Circonfesión. Entre los incontables engendros culturales emanados del Viejo Mundo, pocos impactaron tanto la conciencia de Occidente como el concepto de penitencia, uno de los siete sacramentos instaurados por el cristianismo. Esa práctica, de entraña netamente europea y que oscila entre la culpa y la expiación pero concluye siempre como prueba de cargo para castigar a quien confiesa, conoció un análisis sin par en la visión de María Zambrano, que le dio la estatura de género literario. Zambrano, que hacía poesía del pensamiento con sorprendente naturalidad, ve en los textos de san Agustín, Rousseau y hasta en el Libro de los muertos formas vitales del discurso filosófico que escapan a los formatos tradicionales, una idea sugestiva que desde otro flanco y con método será analizada y estudiada por Michel Foucault tanto en La verdad y las formas jurídicas como en su curso dictado en la Universidad Lovaina en 1981, titulado “Obrar mal, decir la verdad. La función de la confesión en la justicia”. No es posible entender la violencia constitutiva de nuestras sociedades sin atender la naturaleza de la confesión como fenómeno jurídico.
La naturaleza del texto de Artaud, Historia vivida de Artaud-Mômo, publicada por primera vez en español en traducción de Ariel Dilon, se inscribe en el singular formato de la conferencia exculpatoria de un paciente mental, semejante al texto El ritual de la serpiente que escribiría Aby Warburg al abandonar la clínica psiquiátrica ante médicos y pacientes para demostrar que no estaba loco en 1923 (cabría preguntarse por la cordura de un público especializado que pide pruebas de sanidad mental a través de la escenificación de las ideas).

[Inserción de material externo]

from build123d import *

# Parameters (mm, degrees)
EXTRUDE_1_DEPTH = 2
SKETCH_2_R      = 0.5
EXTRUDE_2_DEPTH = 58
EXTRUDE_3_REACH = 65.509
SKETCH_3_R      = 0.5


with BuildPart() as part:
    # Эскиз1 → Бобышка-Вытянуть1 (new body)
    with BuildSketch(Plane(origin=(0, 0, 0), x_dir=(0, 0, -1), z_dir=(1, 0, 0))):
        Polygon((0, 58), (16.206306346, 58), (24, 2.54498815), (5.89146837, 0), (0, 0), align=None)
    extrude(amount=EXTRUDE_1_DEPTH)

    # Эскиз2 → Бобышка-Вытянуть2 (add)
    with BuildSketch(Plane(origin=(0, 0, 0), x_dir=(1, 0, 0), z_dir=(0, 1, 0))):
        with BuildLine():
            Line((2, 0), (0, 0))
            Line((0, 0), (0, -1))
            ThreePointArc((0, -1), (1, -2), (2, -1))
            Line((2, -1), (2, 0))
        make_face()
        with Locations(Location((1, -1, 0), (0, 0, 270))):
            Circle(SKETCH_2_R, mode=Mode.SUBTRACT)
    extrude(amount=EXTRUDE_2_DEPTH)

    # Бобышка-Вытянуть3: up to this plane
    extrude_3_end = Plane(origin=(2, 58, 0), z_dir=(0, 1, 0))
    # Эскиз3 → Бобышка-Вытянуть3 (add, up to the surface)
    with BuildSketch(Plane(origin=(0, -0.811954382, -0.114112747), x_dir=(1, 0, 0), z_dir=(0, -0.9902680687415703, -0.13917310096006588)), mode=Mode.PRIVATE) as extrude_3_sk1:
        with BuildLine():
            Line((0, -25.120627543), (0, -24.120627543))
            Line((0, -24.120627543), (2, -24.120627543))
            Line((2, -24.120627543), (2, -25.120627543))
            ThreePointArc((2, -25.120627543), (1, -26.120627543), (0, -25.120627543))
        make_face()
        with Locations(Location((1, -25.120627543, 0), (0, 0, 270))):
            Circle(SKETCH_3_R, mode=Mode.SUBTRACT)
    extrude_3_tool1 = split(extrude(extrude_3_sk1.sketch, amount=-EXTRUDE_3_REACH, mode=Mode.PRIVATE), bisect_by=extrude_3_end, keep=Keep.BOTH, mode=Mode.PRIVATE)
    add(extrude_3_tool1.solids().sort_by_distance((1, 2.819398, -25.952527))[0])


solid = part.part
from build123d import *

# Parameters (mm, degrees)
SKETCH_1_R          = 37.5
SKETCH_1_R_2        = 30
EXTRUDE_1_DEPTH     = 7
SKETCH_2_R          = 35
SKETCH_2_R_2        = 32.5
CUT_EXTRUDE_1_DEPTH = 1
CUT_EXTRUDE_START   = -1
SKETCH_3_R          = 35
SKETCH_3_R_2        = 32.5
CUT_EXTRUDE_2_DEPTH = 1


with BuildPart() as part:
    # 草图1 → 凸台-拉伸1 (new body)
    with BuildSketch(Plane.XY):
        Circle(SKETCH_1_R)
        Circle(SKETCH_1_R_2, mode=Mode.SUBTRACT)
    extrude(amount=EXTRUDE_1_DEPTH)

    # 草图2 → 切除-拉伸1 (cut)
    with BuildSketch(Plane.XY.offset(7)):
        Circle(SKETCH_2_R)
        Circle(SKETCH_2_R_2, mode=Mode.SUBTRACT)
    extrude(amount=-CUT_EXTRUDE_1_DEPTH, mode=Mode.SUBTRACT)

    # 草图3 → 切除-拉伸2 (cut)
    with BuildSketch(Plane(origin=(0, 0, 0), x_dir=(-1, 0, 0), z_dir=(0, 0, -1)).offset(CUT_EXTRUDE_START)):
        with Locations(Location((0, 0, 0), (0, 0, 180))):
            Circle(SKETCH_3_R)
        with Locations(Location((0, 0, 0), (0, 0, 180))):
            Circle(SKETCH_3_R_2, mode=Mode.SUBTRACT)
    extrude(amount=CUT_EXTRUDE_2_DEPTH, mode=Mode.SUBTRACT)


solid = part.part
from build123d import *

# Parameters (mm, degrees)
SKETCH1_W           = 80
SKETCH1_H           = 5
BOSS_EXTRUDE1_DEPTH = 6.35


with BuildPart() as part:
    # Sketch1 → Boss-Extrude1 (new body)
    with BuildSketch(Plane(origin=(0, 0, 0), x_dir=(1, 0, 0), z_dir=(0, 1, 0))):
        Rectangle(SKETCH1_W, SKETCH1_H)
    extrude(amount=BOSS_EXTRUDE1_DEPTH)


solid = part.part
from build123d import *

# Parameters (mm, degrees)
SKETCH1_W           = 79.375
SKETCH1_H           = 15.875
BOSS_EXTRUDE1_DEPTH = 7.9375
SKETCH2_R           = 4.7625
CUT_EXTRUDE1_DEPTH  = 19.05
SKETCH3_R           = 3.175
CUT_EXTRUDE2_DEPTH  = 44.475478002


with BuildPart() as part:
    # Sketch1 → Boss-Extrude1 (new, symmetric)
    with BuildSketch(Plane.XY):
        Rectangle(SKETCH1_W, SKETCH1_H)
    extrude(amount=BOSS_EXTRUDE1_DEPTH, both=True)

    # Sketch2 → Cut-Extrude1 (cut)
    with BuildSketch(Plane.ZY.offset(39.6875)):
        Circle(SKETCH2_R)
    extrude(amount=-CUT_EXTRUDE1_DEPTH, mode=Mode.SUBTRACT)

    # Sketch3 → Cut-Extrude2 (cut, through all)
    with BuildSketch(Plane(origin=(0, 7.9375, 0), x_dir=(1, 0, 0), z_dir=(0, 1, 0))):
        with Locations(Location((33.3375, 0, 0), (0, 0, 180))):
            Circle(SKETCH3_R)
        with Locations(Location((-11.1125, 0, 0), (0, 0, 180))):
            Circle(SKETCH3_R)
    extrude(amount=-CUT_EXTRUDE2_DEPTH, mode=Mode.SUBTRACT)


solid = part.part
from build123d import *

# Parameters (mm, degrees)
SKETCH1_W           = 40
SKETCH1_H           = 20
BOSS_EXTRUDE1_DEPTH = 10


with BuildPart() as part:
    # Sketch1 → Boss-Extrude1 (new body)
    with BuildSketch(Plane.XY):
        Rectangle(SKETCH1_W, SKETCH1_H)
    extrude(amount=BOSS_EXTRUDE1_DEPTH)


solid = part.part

El texto de Artaud, entre la conferencia, la oración, la invectiva y la plegaria, cumple con el requisito de ser la palabra verdadera de un proscrito de la razón propia de una sociedad hipócrita y perversa. Pronunciado en 1947 dentro de un teatro parisino, Artaud intenta poner en claro su lugar luego de casi una década internado en instituciones psiquiátricas, donde había sido tratado con electroshocks, por lo que es muy explícito al respecto de la opinión que le merece la sociedad que lo condena: “Aunque absolutamente lúcido y mentalmente sano, acabo de pasar nueve años internado en los asilos para alienados, y eso es algo que no perdonaré nunca a esta sociedad de castrados imbéciles y sin pensamiento, que en los X años que lleva haciendo rodar su lengua en su seno jamás ha podido, a través de no sé cuántos pensadores, poetas, filósofos, escribas, reyes, budas, bonzos, fetiches, soviets, parlamentos, dictadores, jamás ha sabido proponerle a nadie una razón valedera de existir”.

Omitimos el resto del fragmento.